** Task description **
The full listing, exactly as written and with no images, is the expected output.

** Data **
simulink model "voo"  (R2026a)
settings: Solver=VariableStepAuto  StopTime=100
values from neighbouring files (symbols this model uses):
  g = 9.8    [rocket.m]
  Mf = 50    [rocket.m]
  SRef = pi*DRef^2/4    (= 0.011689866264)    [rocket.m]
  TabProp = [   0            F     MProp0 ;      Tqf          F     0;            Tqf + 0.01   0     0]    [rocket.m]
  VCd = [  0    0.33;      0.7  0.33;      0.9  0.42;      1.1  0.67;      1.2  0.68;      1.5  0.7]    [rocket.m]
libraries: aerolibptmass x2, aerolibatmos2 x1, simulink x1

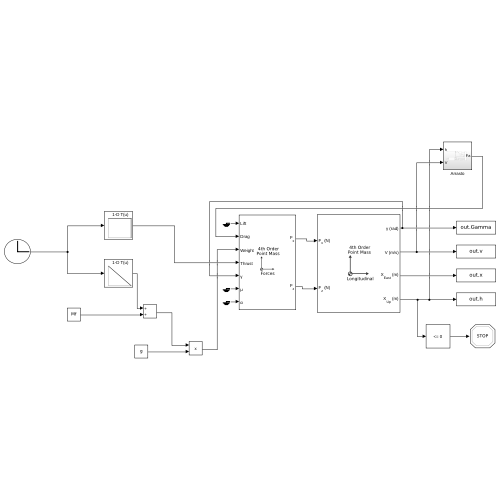
[thumbnail: Simulink's stored preview of the top-level diagram]
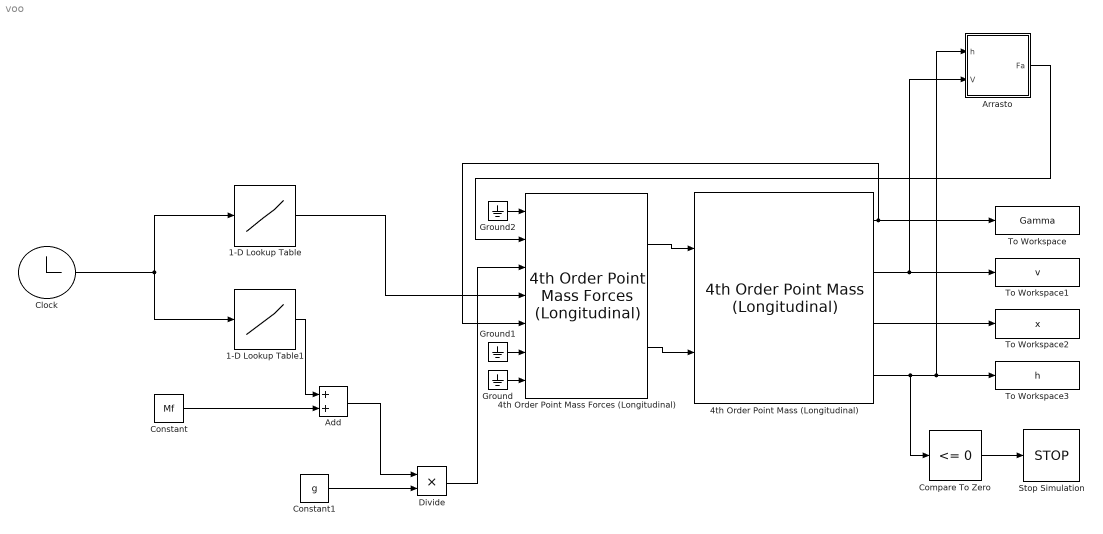
== system voo ==
  1-D Lookup Table : Lookup_n-D  NumberOfTableDimensions=1  BreakpointsForDimension1=TabProp(:,1)  Table=TabProp(:,2)  ExtrapMethod=Clip  InternalRulePriority=Speed  RndMeth=Simplest
  1-D Lookup Table1 : Lookup_n-D  NumberOfTableDimensions=1  BreakpointsForDimension1=TabProp(:,1)  Table=TabProp(:,3)  ExtrapMethod=Clip  InternalRulePriority=Speed  RndMeth=Simplest
  4th Order Point Mass (Longitudinal) : aerolibptmass/4th Order Point Mass (Longitudinal)  units=Metric (MKS)  gamma0=Gamma0  V0=V0  x0=x0  h0=h0  mass0=M0
  4th Order Point Mass Forces (Longitudinal) : aerolibptmass/4th Order Point Mass Forces (Longitudinal)
  Add : Sum
  Arrasto : Subsystem
  Clock : Clock
  Compare To Zero : simulink/Logic and Bit Operations/Compare To Zero  relop=<=  OutDataTypeStr=boolean
  Constant : Constant  Value=Mf
  Constant1 : Constant  Value=g
  Divide : Product  Inputs=**
  Ground : Ground
  Ground1 : Ground
  Ground2 : Ground
  Stop Simulation : Stop
  To Workspace : ToWorkspace  VariableName=Gamma  SaveFormat=Timeseries  SampleTime=-1
  To Workspace1 : ToWorkspace  VariableName=v  SaveFormat=Timeseries  SampleTime=-1
  To Workspace2 : ToWorkspace  VariableName=x  SaveFormat=Timeseries  SampleTime=-1
  To Workspace3 : ToWorkspace  VariableName=h  SaveFormat=Timeseries  SampleTime=-1
  wires:
  4th Order Point Mass Forces (Longitudinal)/2 -> 4th Order Point Mass (Longitudinal)/2
  4th Order Point Mass Forces (Longitudinal)/1 -> 4th Order Point Mass (Longitudinal)/1
  Add/1 -> Divide/1
  Constant/1 -> Add/2
  Constant1/1 -> Divide/2
  1-D Lookup Table1/1 -> Add/1
  1-D Lookup Table/1 -> 4th Order Point Mass Forces (Longitudinal)/4
  Divide/1 -> 4th Order Point Mass Forces (Longitudinal)/3
  4th Order Point Mass (Longitudinal)/1 -> To Workspace/1, 4th Order Point Mass Forces (Longitudinal)/5
  Ground2/1 -> 4th Order Point Mass Forces (Longitudinal)/1
  Ground1/1 -> 4th Order Point Mass Forces (Longitudinal)/6
  Ground/1 -> 4th Order Point Mass Forces (Longitudinal)/7
  Clock/1 -> 1-D Lookup Table1/1, 1-D Lookup Table/1
  4th Order Point Mass (Longitudinal)/4 -> Compare To Zero/1, To Workspace3/1, Arrasto/1(h)
  4th Order Point Mass (Longitudinal)/2 -> To Workspace1/1, Arrasto/2(V)
  Arrasto/1(Fa) -> 4th Order Point Mass Forces (Longitudinal)/2
  4th Order Point Mass (Longitudinal)/3 -> To Workspace2/1
  Compare To Zero/1 -> Stop Simulation/1

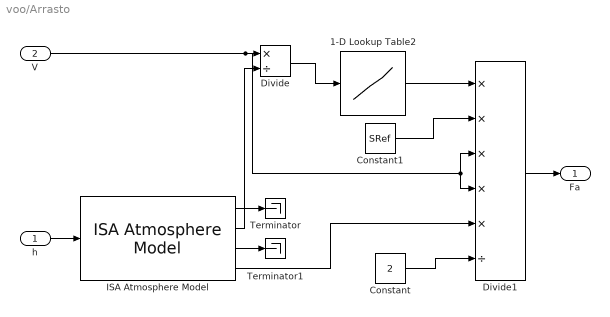
== system voo/Arrasto ==
  h : Inport
  V : Inport  Port=2
  1-D Lookup Table2 : Lookup_n-D  NumberOfTableDimensions=1  BreakpointsForDimension1=VCd(:,1)  Table=VCd(:,2)  ExtrapMethod=Clip  InternalRulePriority=Speed  RndMeth=Simplest
  Constant : Constant  Value=2
  Constant1 : Constant  Value=SRef
  Divide : Product  Inputs=*/
  Divide1 : Product  Inputs=*****/
  ISA Atmosphere Model : aerolibatmos2/ISA Atmosphere Model  useExtended=off  action=None  custom=off  viscosityOut=off  g=9.80665  gamma=1.4  R=287.0531  L=0.0065  h_trop=11000  h_strat=20000  rho0=1.225  P0=101325  T0=288.15  h0=0  S=110.4  Tref=273.15  muref=1.716e-5
  Terminator : Terminator
  Terminator1 : Terminator
  Fa : Outport
  wires:
  h/1 -> ISA Atmosphere Model/1
  ISA Atmosphere Model/1 -> Terminator/1
  ISA Atmosphere Model/3 -> Terminator1/1
  V/1 -> Divide1/3, Divide1/4, Divide/1
  ISA Atmosphere Model/2 -> Divide/2
  Constant/1 -> Divide1/6
  ISA Atmosphere Model/4 -> Divide1/5
  Divide/1 -> 1-D Lookup Table2/1
  1-D Lookup Table2/1 -> Divide1/1
  Constant1/1 -> Divide1/2
  Divide1/1 -> Fa/1

** Reply **
simulink model "voo"  (R2026a)
settings: Solver=VariableStepAuto  StopTime=100
values from neighbouring files (symbols this model uses):
  g = 9.8    [rocket.m]
  Mf = 50    [rocket.m]
  SRef = pi*DRef^2/4    (= 0.011689866264)    [rocket.m]
  TabProp = [   0            F     MProp0 ;      Tqf          F     0;            Tqf + 0.01   0     0]    [rocket.m]
  VCd = [  0    0.33;      0.7  0.33;      0.9  0.42;      1.1  0.67;      1.2  0.68;      1.5  0.7]    [rocket.m]
libraries: aerolibptmass x2, aerolibatmos2 x1, simulink x1

[thumbnail: Simulink's stored preview of the top-level diagram]
== system voo ==
  1-D Lookup Table : Lookup_n-D  NumberOfTableDimensions=1  BreakpointsForDimension1=TabProp(:,1)  Table=TabProp(:,2)  ExtrapMethod=Clip  InternalRulePriority=Speed  RndMeth=Simplest
  1-D Lookup Table1 : Lookup_n-D  NumberOfTableDimensions=1  BreakpointsForDimension1=TabProp(:,1)  Table=TabProp(:,3)  ExtrapMethod=Clip  InternalRulePriority=Speed  RndMeth=Simplest
  4th Order Point Mass (Longitudinal) : aerolibptmass/4th Order Point Mass (Longitudinal)  units=Metric (MKS)  gamma0=Gamma0  V0=V0  x0=x0  h0=h0  mass0=M0
  4th Order Point Mass Forces (Longitudinal) : aerolibptmass/4th Order Point Mass Forces (Longitudinal)
  Add : Sum
  Arrasto : Subsystem
  Clock : Clock
  Compare To Zero : simulink/Logic and Bit Operations/Compare To Zero  relop=<=  OutDataTypeStr=boolean
  Constant : Constant  Value=Mf
  Constant1 : Constant  Value=g
  Divide : Product  Inputs=**
  Ground : Ground
  Ground1 : Ground
  Ground2 : Ground
  Stop Simulation : Stop
  To Workspace : ToWorkspace  VariableName=Gamma  SaveFormat=Timeseries  SampleTime=-1
  To Workspace1 : ToWorkspace  VariableName=v  SaveFormat=Timeseries  SampleTime=-1
  To Workspace2 : ToWorkspace  VariableName=x  SaveFormat=Timeseries  SampleTime=-1
  To Workspace3 : ToWorkspace  VariableName=h  SaveFormat=Timeseries  SampleTime=-1
  wires:
  4th Order Point Mass Forces (Longitudinal)/2 -> 4th Order Point Mass (Longitudinal)/2
  4th Order Point Mass Forces (Longitudinal)/1 -> 4th Order Point Mass (Longitudinal)/1
  Add/1 -> Divide/1
  Constant/1 -> Add/2
  Constant1/1 -> Divide/2
  1-D Lookup Table1/1 -> Add/1
  1-D Lookup Table/1 -> 4th Order Point Mass Forces (Longitudinal)/4
  Divide/1 -> 4th Order Point Mass Forces (Longitudinal)/3
  4th Order Point Mass (Longitudinal)/1 -> To Workspace/1, 4th Order Point Mass Forces (Longitudinal)/5
  Ground2/1 -> 4th Order Point Mass Forces (Longitudinal)/1
  Ground1/1 -> 4th Order Point Mass Forces (Longitudinal)/6
  Ground/1 -> 4th Order Point Mass Forces (Longitudinal)/7
  Clock/1 -> 1-D Lookup Table1/1, 1-D Lookup Table/1
  4th Order Point Mass (Longitudinal)/4 -> Compare To Zero/1, To Workspace3/1, Arrasto/1(h)
  4th Order Point Mass (Longitudinal)/2 -> To Workspace1/1, Arrasto/2(V)
  Arrasto/1(Fa) -> 4th Order Point Mass Forces (Longitudinal)/2
  4th Order Point Mass (Longitudinal)/3 -> To Workspace2/1
  Compare To Zero/1 -> Stop Simulation/1

== system voo/Arrasto ==
  h : Inport
  V : Inport  Port=2
  1-D Lookup Table2 : Lookup_n-D  NumberOfTableDimensions=1  BreakpointsForDimension1=VCd(:,1)  Table=VCd(:,2)  ExtrapMethod=Clip  InternalRulePriority=Speed  RndMeth=Simplest
  Constant : Constant  Value=2
  Constant1 : Constant  Value=SRef
  Divide : Product  Inputs=*/
  Divide1 : Product  Inputs=*****/
  ISA Atmosphere Model : aerolibatmos2/ISA Atmosphere Model  useExtended=off  action=None  custom=off  viscosityOut=off  g=9.80665  gamma=1.4  R=287.0531  L=0.0065  h_trop=11000  h_strat=20000  rho0=1.225  P0=101325  T0=288.15  h0=0  S=110.4  Tref=273.15  muref=1.716e-5
  Terminator : Terminator
  Terminator1 : Terminator
  Fa : Outport
  wires:
  h/1 -> ISA Atmosphere Model/1
  ISA Atmosphere Model/1 -> Terminator/1
  ISA Atmosphere Model/3 -> Terminator1/1
  V/1 -> Divide1/3, Divide1/4, Divide/1
  ISA Atmosphere Model/2 -> Divide/2
  Constant/1 -> Divide1/6
  ISA Atmosphere Model/4 -> Divide1/5
  Divide/1 -> 1-D Lookup Table2/1
  1-D Lookup Table2/1 -> Divide1/1
  Constant1/1 -> Divide1/2
  Divide1/1 -> Fa/1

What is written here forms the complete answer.